Terny (Терни) is a village in Ukraine in Lubny Raion (district) of Poltava Oblast. It belongs to Lubny urban hromada, one of the hromadas of Ukraine. In 2001, there were 471 inhabitants. Terny is situated on the right bank of the river Sula.

==History==
In the 17th century Jeremi Wiśniowiecki gave the village to Lubny Bernardine Monastery. Catholic monks founded in Terny the garden on 12 dessiatins. In 1657, after the destroying of Bernardine monastery in Lubny, the village was given to Mhar Monastery by Bohdan Khmelnytsky.

1721 Peter the Great founded in Terny and Lubny two "pharmacy gardens" on the area of 50 dessiatins.
1781 - the village was without church, with 30 huts, there were 134 inhabitants in 1787.

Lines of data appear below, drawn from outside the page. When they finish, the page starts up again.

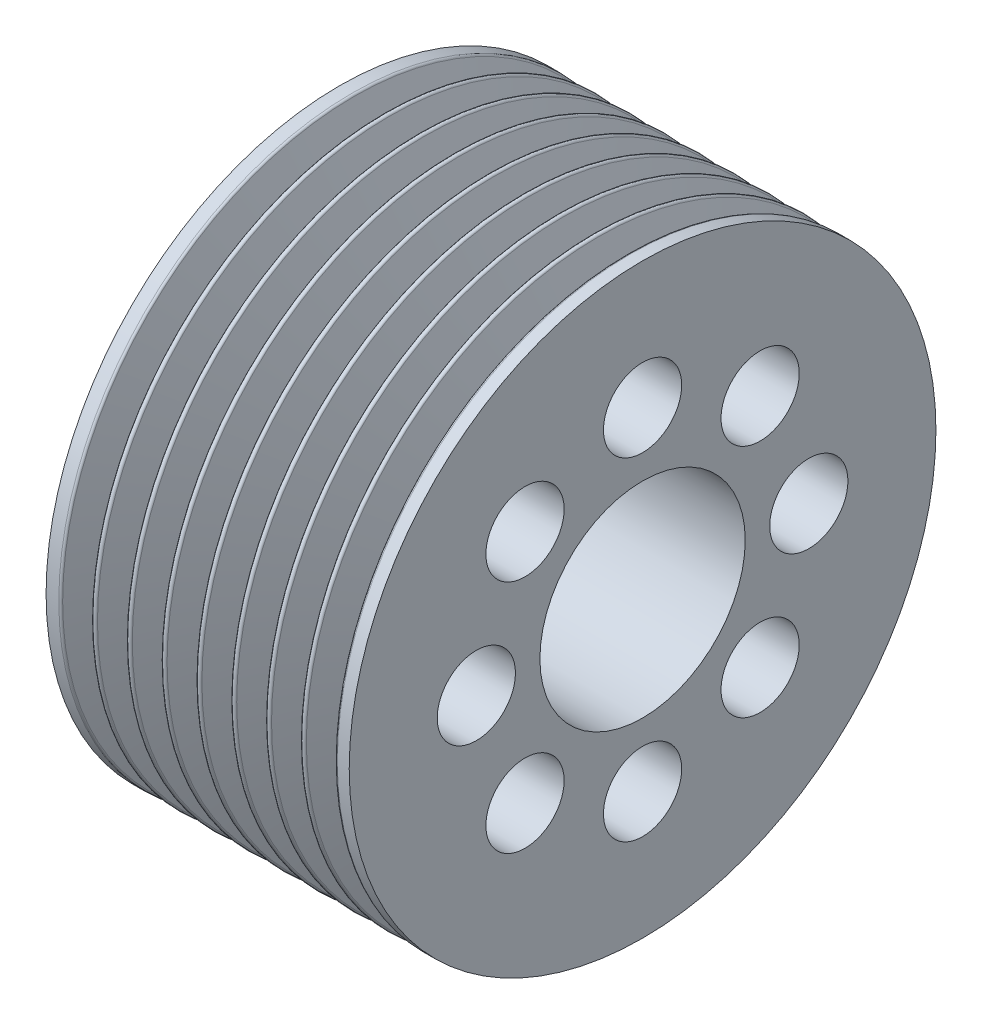
ISO-10303-21;
HEADER;
FILE_DESCRIPTION(('STEP AP214'),'2;1');
FILE_NAME('part.step','',(''),(''),'','','');
FILE_SCHEMA(('AUTOMOTIVE_DESIGN { 1 0 10303 214 1 1 1 1 }'));
ENDSEC;
DATA;
#1=APPLICATION_CONTEXT('core data for automotive mechanical design processes');
#2=APPLICATION_PROTOCOL_DEFINITION('international standard','automotive_design',2000,#1);
#3=PRODUCT_CONTEXT('',#1,'mechanical');
#4=PRODUCT('Part','Part','',(#3));
#5=PRODUCT_RELATED_PRODUCT_CATEGORY('part','',(#4));
#6=PRODUCT_DEFINITION_FORMATION('','',#4);
#7=PRODUCT_DEFINITION_CONTEXT('part definition',#1,'design');
#8=PRODUCT_DEFINITION('design','',#6,#7);
#9=PRODUCT_DEFINITION_SHAPE('','',#8);
#10=(LENGTH_UNIT() NAMED_UNIT(*) SI_UNIT(.MILLI.,.METRE.));
#11=(NAMED_UNIT(*) PLANE_ANGLE_UNIT() SI_UNIT($,.RADIAN.));
#12=(NAMED_UNIT(*) SI_UNIT($,.STERADIAN.) SOLID_ANGLE_UNIT());
#13=UNCERTAINTY_MEASURE_WITH_UNIT(LENGTH_MEASURE(1.E-05),#10,'distance_accuracy_value','');
#14=(GEOMETRIC_REPRESENTATION_CONTEXT(3) GLOBAL_UNCERTAINTY_ASSIGNED_CONTEXT((#13)) GLOBAL_UNIT_ASSIGNED_CONTEXT((#10,
#11,#12)) REPRESENTATION_CONTEXT('',''));
#15=CARTESIAN_POINT('',(0.,0.,0.));
#16=DIRECTION('',(0.,0.,1.));
#17=DIRECTION('',(1.,0.,0.));
#18=AXIS2_PLACEMENT_3D('',#15,#16,#17);
#19=CARTESIAN_POINT('',(0.,0.,0.));
#20=DIRECTION('',(-1.,0.,0.));
#21=DIRECTION('',(0.,0.,1.));
#22=AXIS2_PLACEMENT_3D('',#19,#20,#21);
#23=CYLINDRICAL_SURFACE('',#22,30.);
#24=CARTESIAN_POINT('',(18.,0.,0.));
#25=DIRECTION('',(-1.,0.,0.));
#26=DIRECTION('',(0.,0.,1.));
#27=AXIS2_PLACEMENT_3D('',#24,#25,#26);
#28=CIRCLE('',#27,30.);
#29=CARTESIAN_POINT('',(18.,0.,30.));
#30=VERTEX_POINT('',#29);
#31=EDGE_CURVE('E54',#30,#30,#28,.T.);
#32=ORIENTED_EDGE('',*,*,#31,.F.);
#33=EDGE_LOOP('',(#32));
#34=FACE_BOUND('',#33,.T.);
#35=CARTESIAN_POINT('',(19.3,0.,0.));
#36=DIRECTION('',(-1.,0.,0.));
#37=DIRECTION('',(0.,0.,1.));
#38=AXIS2_PLACEMENT_3D('',#35,#36,#37);
#39=CIRCLE('',#38,30.);
#40=CARTESIAN_POINT('',(19.3,0.,30.));
#41=VERTEX_POINT('',#40);
#42=EDGE_CURVE('E168',#41,#41,#39,.T.);
#43=ORIENTED_EDGE('',*,*,#42,.T.);
#44=EDGE_LOOP('',(#43));
#45=FACE_BOUND('',#44,.T.);
#46=ADVANCED_FACE('F42',(#34,#45),#23,.T.);
#47=CARTESIAN_POINT('',(31.5,10.5,0.));
#48=DIRECTION('',(1.,0.,0.));
#49=DIRECTION('',(0.,0.,-1.));
#50=AXIS2_PLACEMENT_3D('',#47,#48,#49);
#51=PLANE('',#50);
#52=CARTESIAN_POINT('',(31.5,12.0208152801713,12.0208152801713));
#53=DIRECTION('',(1.,0.,0.));
#54=DIRECTION('',(0.,0.,-1.));
#55=AXIS2_PLACEMENT_3D('',#52,#53,#54);
#56=CIRCLE('',#55,4.);
#57=CARTESIAN_POINT('',(31.5,12.0208152801713,8.02081528017131));
#58=VERTEX_POINT('',#57);
#59=EDGE_CURVE('E213',#58,#58,#56,.F.);
#60=ORIENTED_EDGE('',*,*,#59,.F.);
#61=EDGE_LOOP('',(#60));
#62=FACE_BOUND('',#61,.T.);
#63=CARTESIAN_POINT('',(31.5,-12.0208152801713,12.0208152801713));
#64=DIRECTION('',(1.,0.,0.));
#65=DIRECTION('',(0.,0.,-1.));
#66=AXIS2_PLACEMENT_3D('',#63,#64,#65);
#67=CIRCLE('',#66,4.);
#68=CARTESIAN_POINT('',(31.5,-12.0208152801713,8.02081528017133));
#69=VERTEX_POINT('',#68);
#70=EDGE_CURVE('E207',#69,#69,#67,.F.);
#71=ORIENTED_EDGE('',*,*,#70,.F.);
#72=EDGE_LOOP('',(#71));
#73=FACE_BOUND('',#72,.T.);
#74=CARTESIAN_POINT('',(31.5,-17.,-2.47198095326695E-13));
#75=DIRECTION('',(1.,0.,0.));
#76=DIRECTION('',(0.,0.,-1.));
#77=AXIS2_PLACEMENT_3D('',#74,#75,#76);
#78=CIRCLE('',#77,4.);
#79=CARTESIAN_POINT('',(31.5,-17.,-4.00000000000025));
#80=VERTEX_POINT('',#79);
#81=EDGE_CURVE('E201',#80,#80,#78,.F.);
#82=ORIENTED_EDGE('',*,*,#81,.F.);
#83=EDGE_LOOP('',(#82));
#84=FACE_BOUND('',#83,.T.);
#85=CARTESIAN_POINT('',(31.5,-12.020815280171,-12.0208152801716));
#86=DIRECTION('',(1.,0.,0.));
#87=DIRECTION('',(0.,0.,-1.));
#88=AXIS2_PLACEMENT_3D('',#85,#86,#87);
#89=CIRCLE('',#88,4.);
#90=CARTESIAN_POINT('',(31.5,-12.020815280171,-16.0208152801716));
#91=VERTEX_POINT('',#90);
#92=EDGE_CURVE('E195',#91,#91,#89,.F.);
#93=ORIENTED_EDGE('',*,*,#92,.F.);
#94=EDGE_LOOP('',(#93));
#95=FACE_BOUND('',#94,.T.);
#96=CARTESIAN_POINT('',(31.5,0.,-17.));
#97=DIRECTION('',(1.,0.,0.));
#98=DIRECTION('',(0.,0.,-1.));
#99=AXIS2_PLACEMENT_3D('',#96,#97,#98);
#100=CIRCLE('',#99,4.);
#101=CARTESIAN_POINT('',(31.5,0.,-21.));
#102=VERTEX_POINT('',#101);
#103=EDGE_CURVE('E189',#102,#102,#100,.F.);
#104=ORIENTED_EDGE('',*,*,#103,.F.);
#105=EDGE_LOOP('',(#104));
#106=FACE_BOUND('',#105,.T.);
#107=CARTESIAN_POINT('',(31.5,12.0208152801713,-12.0208152801713));
#108=DIRECTION('',(1.,0.,0.));
#109=DIRECTION('',(0.,0.,-1.));
#110=AXIS2_PLACEMENT_3D('',#107,#108,#109);
#111=CIRCLE('',#110,4.);
#112=CARTESIAN_POINT('',(31.5,12.0208152801713,-16.0208152801713));
#113=VERTEX_POINT('',#112);
#114=EDGE_CURVE('E183',#113,#113,#111,.F.);
#115=ORIENTED_EDGE('',*,*,#114,.F.);
#116=EDGE_LOOP('',(#115));
#117=FACE_BOUND('',#116,.T.);
#118=CARTESIAN_POINT('',(31.5,1.72382073893029E-13,17.));
#119=DIRECTION('',(1.,0.,0.));
#120=DIRECTION('',(0.,0.,-1.));
#121=AXIS2_PLACEMENT_3D('',#118,#119,#120);
#122=CIRCLE('',#121,4.);
#123=CARTESIAN_POINT('',(31.5,1.72382073893029E-13,13.));
#124=VERTEX_POINT('',#123);
#125=EDGE_CURVE('E177',#124,#124,#122,.F.);
#126=ORIENTED_EDGE('',*,*,#125,.F.);
#127=EDGE_LOOP('',(#126));
#128=FACE_BOUND('',#127,.T.);
#129=CARTESIAN_POINT('',(31.5,17.,0.));
#130=DIRECTION('',(1.,0.,0.));
#131=DIRECTION('',(0.,0.,-1.));
#132=AXIS2_PLACEMENT_3D('',#129,#130,#131);
#133=CIRCLE('',#132,4.);
#134=CARTESIAN_POINT('',(31.5,17.,-4.));
#135=VERTEX_POINT('',#134);
#136=EDGE_CURVE('E171',#135,#135,#133,.F.);
#137=ORIENTED_EDGE('',*,*,#136,.F.);
#138=EDGE_LOOP('',(#137));
#139=FACE_BOUND('',#138,.T.);
#140=CARTESIAN_POINT('',(31.5,0.,0.));
#141=DIRECTION('',(-1.,0.,0.));
#142=DIRECTION('',(0.,0.,1.));
#143=AXIS2_PLACEMENT_3D('',#140,#141,#142);
#144=CIRCLE('',#143,10.5);
#145=CARTESIAN_POINT('',(31.5,0.,10.5));
#146=VERTEX_POINT('',#145);
#147=EDGE_CURVE('E66',#146,#146,#144,.T.);
#148=ORIENTED_EDGE('',*,*,#147,.F.);
#149=EDGE_LOOP('',(#148));
#150=FACE_BOUND('',#149,.T.);
#151=CARTESIAN_POINT('',(31.5,0.,0.));
#152=DIRECTION('',(-1.,0.,0.));
#153=DIRECTION('',(0.,0.,1.));
#154=AXIS2_PLACEMENT_3D('',#151,#152,#153);
#155=CIRCLE('',#154,21.5);
#156=CARTESIAN_POINT('',(31.5,0.,21.5));
#157=VERTEX_POINT('',#156);
#158=EDGE_CURVE('E10',#157,#157,#155,.T.);
#159=ORIENTED_EDGE('',*,*,#158,.T.);
#160=EDGE_LOOP('',(#159));
#161=FACE_BOUND('',#160,.T.);
#162=ADVANCED_FACE('F45',(#62,#73,#84,#95,#106,#117,#128,#139,#150,#161),#51,.F.);
#163=CARTESIAN_POINT('',(0.,0.,0.));
#164=DIRECTION('',(-1.,0.,0.));
#165=DIRECTION('',(0.,0.,1.));
#166=AXIS2_PLACEMENT_3D('',#163,#164,#165);
#167=CYLINDRICAL_SURFACE('',#166,21.5);
#168=ORIENTED_EDGE('',*,*,#158,.F.);
#169=EDGE_LOOP('',(#168));
#170=FACE_BOUND('',#169,.T.);
#171=CARTESIAN_POINT('',(18.,0.,0.));
#172=DIRECTION('',(-1.,0.,0.));
#173=DIRECTION('',(0.,0.,1.));
#174=AXIS2_PLACEMENT_3D('',#171,#172,#173);
#175=CIRCLE('',#174,21.5);
#176=CARTESIAN_POINT('',(18.,0.,21.5));
#177=VERTEX_POINT('',#176);
#178=EDGE_CURVE('E50',#177,#177,#175,.T.);
#179=ORIENTED_EDGE('',*,*,#178,.T.);
#180=EDGE_LOOP('',(#179));
#181=FACE_BOUND('',#180,.T.);
#182=ADVANCED_FACE('F253',(#170,#181),#167,.F.);
#183=CARTESIAN_POINT('',(18.,30.,0.));
#184=DIRECTION('',(1.,0.,0.));
#185=DIRECTION('',(0.,0.,-1.));
#186=AXIS2_PLACEMENT_3D('',#183,#184,#185);
#187=PLANE('',#186);
#188=ORIENTED_EDGE('',*,*,#178,.F.);
#189=EDGE_LOOP('',(#188));
#190=FACE_BOUND('',#189,.T.);
#191=ORIENTED_EDGE('',*,*,#31,.T.);
#192=EDGE_LOOP('',(#191));
#193=FACE_BOUND('',#192,.T.);
#194=ADVANCED_FACE('F259',(#190,#193),#187,.F.);
#195=CARTESIAN_POINT('',(47.78,0.,0.));
#196=DIRECTION('',(-1.,0.,0.));
#197=DIRECTION('',(0.,0.,1.));
#198=AXIS2_PLACEMENT_3D('',#195,#196,#197);
#199=CIRCLE('',#198,30.);
#200=CARTESIAN_POINT('',(47.78,0.,30.));
#201=VERTEX_POINT('',#200);
#202=EDGE_CURVE('E81',#201,#201,#199,.T.);
#203=ORIENTED_EDGE('',*,*,#202,.F.);
#204=EDGE_LOOP('',(#203));
#205=FACE_BOUND('',#204,.T.);
#206=CARTESIAN_POINT('',(49.,0.,0.));
#207=DIRECTION('',(-1.,0.,0.));
#208=DIRECTION('',(0.,0.,1.));
#209=AXIS2_PLACEMENT_3D('',#206,#207,#208);
#210=CIRCLE('',#209,30.);
#211=CARTESIAN_POINT('',(49.,0.,30.));
#212=VERTEX_POINT('',#211);
#213=EDGE_CURVE('E58',#212,#212,#210,.T.);
#214=ORIENTED_EDGE('',*,*,#213,.T.);
#215=EDGE_LOOP('',(#214));
#216=FACE_BOUND('',#215,.T.);
#217=ADVANCED_FACE('F226',(#205,#216),#23,.T.);
#218=CARTESIAN_POINT('',(49.,10.5,0.));
#219=DIRECTION('',(-1.,0.,0.));
#220=DIRECTION('',(0.,0.,1.));
#221=AXIS2_PLACEMENT_3D('',#218,#219,#220);
#222=PLANE('',#221);
#223=CARTESIAN_POINT('',(49.,12.0208152801713,12.0208152801713));
#224=DIRECTION('',(1.,0.,0.));
#225=DIRECTION('',(0.,0.,-1.));
#226=AXIS2_PLACEMENT_3D('',#223,#224,#225);
#227=CIRCLE('',#226,4.);
#228=CARTESIAN_POINT('',(49.,12.0208152801713,8.02081528017131));
#229=VERTEX_POINT('',#228);
#230=EDGE_CURVE('E216',#229,#229,#227,.T.);
#231=ORIENTED_EDGE('',*,*,#230,.F.);
#232=EDGE_LOOP('',(#231));
#233=FACE_BOUND('',#232,.T.);
#234=CARTESIAN_POINT('',(49.,-12.0208152801713,12.0208152801713));
#235=DIRECTION('',(1.,0.,0.));
#236=DIRECTION('',(0.,0.,-1.));
#237=AXIS2_PLACEMENT_3D('',#234,#235,#236);
#238=CIRCLE('',#237,4.);
#239=CARTESIAN_POINT('',(49.,-12.0208152801713,8.02081528017133));
#240=VERTEX_POINT('',#239);
#241=EDGE_CURVE('E210',#240,#240,#238,.T.);
#242=ORIENTED_EDGE('',*,*,#241,.F.);
#243=EDGE_LOOP('',(#242));
#244=FACE_BOUND('',#243,.T.);
#245=CARTESIAN_POINT('',(49.,-17.,-2.47198095326695E-13));
#246=DIRECTION('',(1.,0.,0.));
#247=DIRECTION('',(0.,0.,-1.));
#248=AXIS2_PLACEMENT_3D('',#245,#246,#247);
#249=CIRCLE('',#248,4.);
#250=CARTESIAN_POINT('',(49.,-17.,-4.00000000000025));
#251=VERTEX_POINT('',#250);
#252=EDGE_CURVE('E204',#251,#251,#249,.T.);
#253=ORIENTED_EDGE('',*,*,#252,.F.);
#254=EDGE_LOOP('',(#253));
#255=FACE_BOUND('',#254,.T.);
#256=CARTESIAN_POINT('',(49.,-12.020815280171,-12.0208152801716));
#257=DIRECTION('',(1.,0.,0.));
#258=DIRECTION('',(0.,0.,-1.));
#259=AXIS2_PLACEMENT_3D('',#256,#257,#258);
#260=CIRCLE('',#259,4.);
#261=CARTESIAN_POINT('',(49.,-12.020815280171,-16.0208152801716));
#262=VERTEX_POINT('',#261);
#263=EDGE_CURVE('E198',#262,#262,#260,.T.);
#264=ORIENTED_EDGE('',*,*,#263,.F.);
#265=EDGE_LOOP('',(#264));
#266=FACE_BOUND('',#265,.T.);
#267=CARTESIAN_POINT('',(49.,0.,-17.));
#268=DIRECTION('',(1.,0.,0.));
#269=DIRECTION('',(0.,0.,-1.));
#270=AXIS2_PLACEMENT_3D('',#267,#268,#269);
#271=CIRCLE('',#270,4.);
#272=CARTESIAN_POINT('',(49.,0.,-21.));
#273=VERTEX_POINT('',#272);
#274=EDGE_CURVE('E192',#273,#273,#271,.T.);
#275=ORIENTED_EDGE('',*,*,#274,.F.);
#276=EDGE_LOOP('',(#275));
#277=FACE_BOUND('',#276,.T.);
#278=CARTESIAN_POINT('',(49.,12.0208152801713,-12.0208152801713));
#279=DIRECTION('',(1.,0.,0.));
#280=DIRECTION('',(0.,0.,-1.));
#281=AXIS2_PLACEMENT_3D('',#278,#279,#280);
#282=CIRCLE('',#281,4.);
#283=CARTESIAN_POINT('',(49.,12.0208152801713,-16.0208152801713));
#284=VERTEX_POINT('',#283);
#285=EDGE_CURVE('E186',#284,#284,#282,.T.);
#286=ORIENTED_EDGE('',*,*,#285,.F.);
#287=EDGE_LOOP('',(#286));
#288=FACE_BOUND('',#287,.T.);
#289=CARTESIAN_POINT('',(49.,1.72382073893029E-13,17.));
#290=DIRECTION('',(1.,0.,0.));
#291=DIRECTION('',(0.,0.,-1.));
#292=AXIS2_PLACEMENT_3D('',#289,#290,#291);
#293=CIRCLE('',#292,4.);
#294=CARTESIAN_POINT('',(49.,1.72382073893029E-13,13.));
#295=VERTEX_POINT('',#294);
#296=EDGE_CURVE('E180',#295,#295,#293,.T.);
#297=ORIENTED_EDGE('',*,*,#296,.F.);
#298=EDGE_LOOP('',(#297));
#299=FACE_BOUND('',#298,.T.);
#300=CARTESIAN_POINT('',(49.,17.,0.));
#301=DIRECTION('',(1.,0.,0.));
#302=DIRECTION('',(0.,0.,-1.));
#303=AXIS2_PLACEMENT_3D('',#300,#301,#302);
#304=CIRCLE('',#303,4.);
#305=CARTESIAN_POINT('',(49.,17.,-4.));
#306=VERTEX_POINT('',#305);
#307=EDGE_CURVE('E174',#306,#306,#304,.T.);
#308=ORIENTED_EDGE('',*,*,#307,.F.);
#309=EDGE_LOOP('',(#308));
#310=FACE_BOUND('',#309,.T.);
#311=ORIENTED_EDGE('',*,*,#213,.F.);
#312=EDGE_LOOP('',(#311));
#313=FACE_BOUND('',#312,.T.);
#314=CARTESIAN_POINT('',(49.,0.,0.));
#315=DIRECTION('',(-1.,0.,0.));
#316=DIRECTION('',(0.,0.,1.));
#317=AXIS2_PLACEMENT_3D('',#314,#315,#316);
#318=CIRCLE('',#317,10.5);
#319=CARTESIAN_POINT('',(49.,0.,10.5));
#320=VERTEX_POINT('',#319);
#321=EDGE_CURVE('E63',#320,#320,#318,.T.);
#322=ORIENTED_EDGE('',*,*,#321,.T.);
#323=EDGE_LOOP('',(#322));
#324=FACE_BOUND('',#323,.T.);
#325=ADVANCED_FACE('F222',(#233,#244,#255,#266,#277,#288,#299,#310,#313,#324),#222,.F.);
#326=CARTESIAN_POINT('',(0.,0.,0.));
#327=DIRECTION('',(-1.,0.,0.));
#328=DIRECTION('',(0.,0.,1.));
#329=AXIS2_PLACEMENT_3D('',#326,#327,#328);
#330=CYLINDRICAL_SURFACE('',#329,10.5);
#331=ORIENTED_EDGE('',*,*,#321,.F.);
#332=EDGE_LOOP('',(#331));
#333=FACE_BOUND('',#332,.T.);
#334=ORIENTED_EDGE('',*,*,#147,.T.);
#335=EDGE_LOOP('',(#334));
#336=FACE_BOUND('',#335,.T.);
#337=ADVANCED_FACE('F225',(#333,#336),#330,.F.);
#338=CARTESIAN_POINT('',(47.78,0.,0.));
#339=DIRECTION('',(-1.,0.,0.));
#340=DIRECTION('',(0.,0.,1.));
#341=AXIS2_PLACEMENT_3D('',#338,#339,#340);
#342=TOROIDAL_SURFACE('',#341,29.75,0.249999999999997);
#343=ORIENTED_EDGE('',*,*,#202,.T.);
#344=EDGE_LOOP('',(#343));
#345=FACE_BOUND('',#344,.T.);
#346=CARTESIAN_POINT('',(47.5458319526879,0.,0.));
#347=DIRECTION('',(-1.,0.,0.));
#348=DIRECTION('',(0.,0.,1.));
#349=AXIS2_PLACEMENT_3D('',#346,#347,#348);
#350=CIRCLE('',#349,29.8375518453149);
#351=CARTESIAN_POINT('',(47.5458319526879,0.,29.8375518453149));
#352=VERTEX_POINT('',#351);
#353=EDGE_CURVE('E69',#352,#352,#350,.T.);
#354=ORIENTED_EDGE('',*,*,#353,.F.);
#355=EDGE_LOOP('',(#354));
#356=FACE_BOUND('',#355,.T.);
#357=ADVANCED_FACE('F248',(#345,#356),#342,.T.);
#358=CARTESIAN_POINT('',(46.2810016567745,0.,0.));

1880 - upon request of the Department of Agriculture Kateryna Skarzhynska donated 30 dessiatins of land in the village Terny for the foundation of the agricultural school. In 1929 this school was reorganized to the College of Medicinal and Aromatic Plants, and in 1950 - to the Forest College.

1903 - there were 335 inhabitants in Terny. The village was without church, belonged to Vyazivok parish.

==Religion==
From 2011 in Terny is the Eastern Orthodox church dedicated to St. John the Apostle. Feast day celebrated on May 21.